→ **TASK**: Across the entries, count the lines that include "image" and report only that number.

Recorded data:
BEGIN
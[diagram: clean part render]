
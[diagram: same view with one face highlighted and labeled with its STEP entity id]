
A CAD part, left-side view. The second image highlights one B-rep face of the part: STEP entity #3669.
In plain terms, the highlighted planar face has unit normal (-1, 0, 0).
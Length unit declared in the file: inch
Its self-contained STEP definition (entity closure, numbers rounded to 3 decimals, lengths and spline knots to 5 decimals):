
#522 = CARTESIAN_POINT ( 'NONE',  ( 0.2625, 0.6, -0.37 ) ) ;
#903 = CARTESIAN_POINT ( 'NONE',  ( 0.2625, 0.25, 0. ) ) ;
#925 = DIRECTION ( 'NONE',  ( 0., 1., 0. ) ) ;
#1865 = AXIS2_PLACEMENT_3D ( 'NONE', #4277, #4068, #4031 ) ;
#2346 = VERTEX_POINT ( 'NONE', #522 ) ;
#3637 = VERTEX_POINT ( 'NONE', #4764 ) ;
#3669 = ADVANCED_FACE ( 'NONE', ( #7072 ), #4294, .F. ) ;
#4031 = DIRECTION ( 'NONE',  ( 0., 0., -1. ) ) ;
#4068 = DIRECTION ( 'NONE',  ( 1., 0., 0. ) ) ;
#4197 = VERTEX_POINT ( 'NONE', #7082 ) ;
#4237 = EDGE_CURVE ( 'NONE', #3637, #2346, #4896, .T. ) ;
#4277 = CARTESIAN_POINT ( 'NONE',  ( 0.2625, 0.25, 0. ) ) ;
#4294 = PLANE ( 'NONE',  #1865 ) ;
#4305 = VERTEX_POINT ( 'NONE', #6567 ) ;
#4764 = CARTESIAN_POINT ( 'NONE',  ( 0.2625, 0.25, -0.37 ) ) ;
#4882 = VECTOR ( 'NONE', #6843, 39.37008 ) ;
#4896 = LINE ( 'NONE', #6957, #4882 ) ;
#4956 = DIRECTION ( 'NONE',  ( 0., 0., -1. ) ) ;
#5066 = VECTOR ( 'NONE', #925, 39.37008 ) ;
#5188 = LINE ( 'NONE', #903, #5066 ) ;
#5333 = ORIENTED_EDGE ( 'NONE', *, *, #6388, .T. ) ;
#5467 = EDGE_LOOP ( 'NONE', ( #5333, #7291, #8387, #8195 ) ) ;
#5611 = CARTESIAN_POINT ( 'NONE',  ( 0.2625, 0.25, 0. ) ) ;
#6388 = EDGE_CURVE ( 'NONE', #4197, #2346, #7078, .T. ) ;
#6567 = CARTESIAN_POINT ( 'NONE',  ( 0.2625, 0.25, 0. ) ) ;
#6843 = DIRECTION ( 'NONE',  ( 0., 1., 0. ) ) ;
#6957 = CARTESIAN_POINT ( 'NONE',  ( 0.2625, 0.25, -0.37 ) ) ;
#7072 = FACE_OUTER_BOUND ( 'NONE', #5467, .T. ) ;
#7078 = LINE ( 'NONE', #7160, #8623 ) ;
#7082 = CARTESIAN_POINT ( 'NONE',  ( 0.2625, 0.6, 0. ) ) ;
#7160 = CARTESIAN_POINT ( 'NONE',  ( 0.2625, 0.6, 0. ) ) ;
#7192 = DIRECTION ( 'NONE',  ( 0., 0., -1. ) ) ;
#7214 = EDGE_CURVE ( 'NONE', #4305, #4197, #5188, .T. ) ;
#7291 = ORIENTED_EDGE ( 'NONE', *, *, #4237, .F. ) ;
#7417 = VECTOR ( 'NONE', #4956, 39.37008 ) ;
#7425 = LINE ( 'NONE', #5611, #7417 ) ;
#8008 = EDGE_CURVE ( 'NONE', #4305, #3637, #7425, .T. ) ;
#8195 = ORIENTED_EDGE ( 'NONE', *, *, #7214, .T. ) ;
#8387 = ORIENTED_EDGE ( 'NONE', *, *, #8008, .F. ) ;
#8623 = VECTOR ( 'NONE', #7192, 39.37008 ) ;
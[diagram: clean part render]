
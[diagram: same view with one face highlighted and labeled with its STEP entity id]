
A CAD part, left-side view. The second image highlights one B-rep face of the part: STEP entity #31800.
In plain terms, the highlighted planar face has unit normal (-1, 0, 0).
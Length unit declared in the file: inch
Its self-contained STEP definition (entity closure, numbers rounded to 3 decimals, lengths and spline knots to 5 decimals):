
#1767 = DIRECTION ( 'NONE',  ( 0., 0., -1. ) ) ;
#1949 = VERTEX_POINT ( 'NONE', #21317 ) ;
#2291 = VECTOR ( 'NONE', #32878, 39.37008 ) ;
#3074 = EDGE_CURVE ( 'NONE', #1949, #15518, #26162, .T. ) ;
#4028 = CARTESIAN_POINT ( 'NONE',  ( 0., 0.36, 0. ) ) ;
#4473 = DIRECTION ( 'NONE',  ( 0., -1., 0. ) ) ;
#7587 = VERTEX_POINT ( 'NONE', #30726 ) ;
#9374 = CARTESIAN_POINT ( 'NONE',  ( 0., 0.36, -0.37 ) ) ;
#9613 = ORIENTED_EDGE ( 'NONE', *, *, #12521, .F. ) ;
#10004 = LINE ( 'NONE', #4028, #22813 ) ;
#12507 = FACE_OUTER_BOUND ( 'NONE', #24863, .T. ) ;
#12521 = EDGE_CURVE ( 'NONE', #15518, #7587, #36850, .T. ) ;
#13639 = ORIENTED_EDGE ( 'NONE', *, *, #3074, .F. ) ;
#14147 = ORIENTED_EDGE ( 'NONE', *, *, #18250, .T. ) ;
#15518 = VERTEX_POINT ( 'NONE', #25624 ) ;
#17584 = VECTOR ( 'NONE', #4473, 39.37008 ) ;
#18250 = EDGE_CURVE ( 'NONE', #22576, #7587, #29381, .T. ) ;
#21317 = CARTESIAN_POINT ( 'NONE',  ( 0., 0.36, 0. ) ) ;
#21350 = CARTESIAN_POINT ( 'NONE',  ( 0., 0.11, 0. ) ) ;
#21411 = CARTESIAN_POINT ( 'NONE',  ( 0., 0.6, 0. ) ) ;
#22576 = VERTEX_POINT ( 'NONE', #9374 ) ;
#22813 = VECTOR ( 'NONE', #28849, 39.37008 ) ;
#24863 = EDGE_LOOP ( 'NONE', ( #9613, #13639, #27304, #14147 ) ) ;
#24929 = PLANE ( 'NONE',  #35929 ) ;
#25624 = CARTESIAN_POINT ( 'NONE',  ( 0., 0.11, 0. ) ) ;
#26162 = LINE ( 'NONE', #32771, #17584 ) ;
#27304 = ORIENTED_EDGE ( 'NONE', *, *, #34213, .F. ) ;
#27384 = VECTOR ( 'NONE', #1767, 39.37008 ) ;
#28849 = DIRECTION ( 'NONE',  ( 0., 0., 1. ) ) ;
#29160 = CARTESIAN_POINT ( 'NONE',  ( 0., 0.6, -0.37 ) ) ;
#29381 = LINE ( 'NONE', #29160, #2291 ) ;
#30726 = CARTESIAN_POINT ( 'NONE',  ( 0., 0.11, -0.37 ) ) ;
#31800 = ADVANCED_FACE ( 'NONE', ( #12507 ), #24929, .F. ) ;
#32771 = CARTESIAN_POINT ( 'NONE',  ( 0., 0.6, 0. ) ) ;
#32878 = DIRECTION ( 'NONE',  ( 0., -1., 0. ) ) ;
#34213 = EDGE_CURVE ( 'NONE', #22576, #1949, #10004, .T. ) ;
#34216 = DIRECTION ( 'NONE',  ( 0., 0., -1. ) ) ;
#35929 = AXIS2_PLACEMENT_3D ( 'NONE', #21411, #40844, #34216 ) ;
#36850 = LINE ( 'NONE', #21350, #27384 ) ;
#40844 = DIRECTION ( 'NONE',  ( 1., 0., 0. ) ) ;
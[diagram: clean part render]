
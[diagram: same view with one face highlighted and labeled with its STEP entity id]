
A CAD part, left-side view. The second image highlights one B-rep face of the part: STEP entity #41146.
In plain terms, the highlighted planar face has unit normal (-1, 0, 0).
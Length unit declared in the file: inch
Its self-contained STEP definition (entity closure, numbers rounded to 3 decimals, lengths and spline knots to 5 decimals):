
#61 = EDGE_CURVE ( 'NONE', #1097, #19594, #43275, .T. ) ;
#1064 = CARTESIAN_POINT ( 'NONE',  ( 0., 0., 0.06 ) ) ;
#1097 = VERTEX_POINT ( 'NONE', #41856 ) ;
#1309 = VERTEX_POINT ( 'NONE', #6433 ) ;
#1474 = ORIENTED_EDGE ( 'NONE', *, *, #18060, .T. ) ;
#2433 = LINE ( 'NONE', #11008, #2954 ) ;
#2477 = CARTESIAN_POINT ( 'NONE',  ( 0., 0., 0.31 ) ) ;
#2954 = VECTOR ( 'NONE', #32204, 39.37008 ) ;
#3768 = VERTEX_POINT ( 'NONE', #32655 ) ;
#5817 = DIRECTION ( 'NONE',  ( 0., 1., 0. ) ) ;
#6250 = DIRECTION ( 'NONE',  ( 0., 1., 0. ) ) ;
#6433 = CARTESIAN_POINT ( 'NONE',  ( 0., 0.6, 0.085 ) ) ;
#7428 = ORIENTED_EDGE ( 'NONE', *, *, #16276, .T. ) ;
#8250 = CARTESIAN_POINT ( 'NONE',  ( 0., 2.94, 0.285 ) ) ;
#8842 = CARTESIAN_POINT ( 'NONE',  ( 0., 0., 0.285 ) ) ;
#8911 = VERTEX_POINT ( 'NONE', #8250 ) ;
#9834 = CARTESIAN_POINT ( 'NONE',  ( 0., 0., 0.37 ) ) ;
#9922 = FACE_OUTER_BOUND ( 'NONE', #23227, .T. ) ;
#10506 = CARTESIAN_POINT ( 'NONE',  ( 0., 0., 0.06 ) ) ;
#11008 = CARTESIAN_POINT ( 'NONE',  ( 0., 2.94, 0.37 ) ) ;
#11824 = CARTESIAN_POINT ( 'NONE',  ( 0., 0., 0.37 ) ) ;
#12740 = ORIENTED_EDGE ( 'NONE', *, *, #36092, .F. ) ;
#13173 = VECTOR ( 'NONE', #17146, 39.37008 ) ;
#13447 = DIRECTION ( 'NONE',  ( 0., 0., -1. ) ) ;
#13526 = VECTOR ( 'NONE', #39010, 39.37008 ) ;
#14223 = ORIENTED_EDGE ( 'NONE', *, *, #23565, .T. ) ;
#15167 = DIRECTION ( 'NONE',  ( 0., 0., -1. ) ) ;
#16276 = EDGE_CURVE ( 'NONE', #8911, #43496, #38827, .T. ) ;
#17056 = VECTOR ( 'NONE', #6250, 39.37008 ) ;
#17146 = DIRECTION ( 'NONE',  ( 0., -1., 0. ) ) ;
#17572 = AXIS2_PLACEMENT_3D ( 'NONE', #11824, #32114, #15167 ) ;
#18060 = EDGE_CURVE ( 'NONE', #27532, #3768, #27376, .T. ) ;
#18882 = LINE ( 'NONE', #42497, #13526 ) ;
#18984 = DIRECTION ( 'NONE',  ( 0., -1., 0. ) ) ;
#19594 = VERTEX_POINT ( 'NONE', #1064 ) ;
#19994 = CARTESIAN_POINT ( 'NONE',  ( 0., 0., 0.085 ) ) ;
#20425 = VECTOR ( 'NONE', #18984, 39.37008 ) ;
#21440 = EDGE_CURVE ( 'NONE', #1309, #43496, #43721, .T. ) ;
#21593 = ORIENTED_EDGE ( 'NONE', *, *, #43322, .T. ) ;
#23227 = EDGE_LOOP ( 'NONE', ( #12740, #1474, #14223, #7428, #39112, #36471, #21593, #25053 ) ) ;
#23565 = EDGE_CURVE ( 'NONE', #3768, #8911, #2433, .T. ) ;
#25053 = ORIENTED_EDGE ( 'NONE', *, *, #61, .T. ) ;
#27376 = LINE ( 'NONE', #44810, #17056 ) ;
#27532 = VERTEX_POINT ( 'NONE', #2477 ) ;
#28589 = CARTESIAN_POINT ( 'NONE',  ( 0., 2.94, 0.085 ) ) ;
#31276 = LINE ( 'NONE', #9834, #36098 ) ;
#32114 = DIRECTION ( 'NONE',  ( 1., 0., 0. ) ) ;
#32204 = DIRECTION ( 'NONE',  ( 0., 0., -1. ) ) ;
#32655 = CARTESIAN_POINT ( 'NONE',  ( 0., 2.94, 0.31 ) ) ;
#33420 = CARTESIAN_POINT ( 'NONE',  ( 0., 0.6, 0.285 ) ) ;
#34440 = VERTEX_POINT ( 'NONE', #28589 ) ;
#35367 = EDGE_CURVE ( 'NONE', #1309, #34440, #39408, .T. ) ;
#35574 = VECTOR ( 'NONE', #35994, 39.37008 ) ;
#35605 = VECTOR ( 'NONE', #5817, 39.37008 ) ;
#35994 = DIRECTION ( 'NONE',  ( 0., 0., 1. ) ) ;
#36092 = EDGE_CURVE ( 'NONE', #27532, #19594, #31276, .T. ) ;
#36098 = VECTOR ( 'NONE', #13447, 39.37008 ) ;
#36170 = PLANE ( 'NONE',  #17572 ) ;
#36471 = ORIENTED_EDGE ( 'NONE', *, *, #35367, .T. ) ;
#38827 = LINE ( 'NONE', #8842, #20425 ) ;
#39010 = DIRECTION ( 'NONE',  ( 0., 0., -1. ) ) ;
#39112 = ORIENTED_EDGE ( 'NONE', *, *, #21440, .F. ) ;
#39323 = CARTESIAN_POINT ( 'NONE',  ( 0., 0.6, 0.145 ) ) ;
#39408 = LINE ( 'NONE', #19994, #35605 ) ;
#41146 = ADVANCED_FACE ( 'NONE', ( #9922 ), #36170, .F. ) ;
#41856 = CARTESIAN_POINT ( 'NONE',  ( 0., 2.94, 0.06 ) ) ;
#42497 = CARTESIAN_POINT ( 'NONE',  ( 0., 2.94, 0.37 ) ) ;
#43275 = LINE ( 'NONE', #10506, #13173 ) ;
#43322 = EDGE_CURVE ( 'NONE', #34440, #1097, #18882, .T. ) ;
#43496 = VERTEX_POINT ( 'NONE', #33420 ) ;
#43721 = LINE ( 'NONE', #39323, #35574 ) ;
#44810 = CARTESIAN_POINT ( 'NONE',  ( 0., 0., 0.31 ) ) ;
END
→ **EXERCISE RESULT**: 3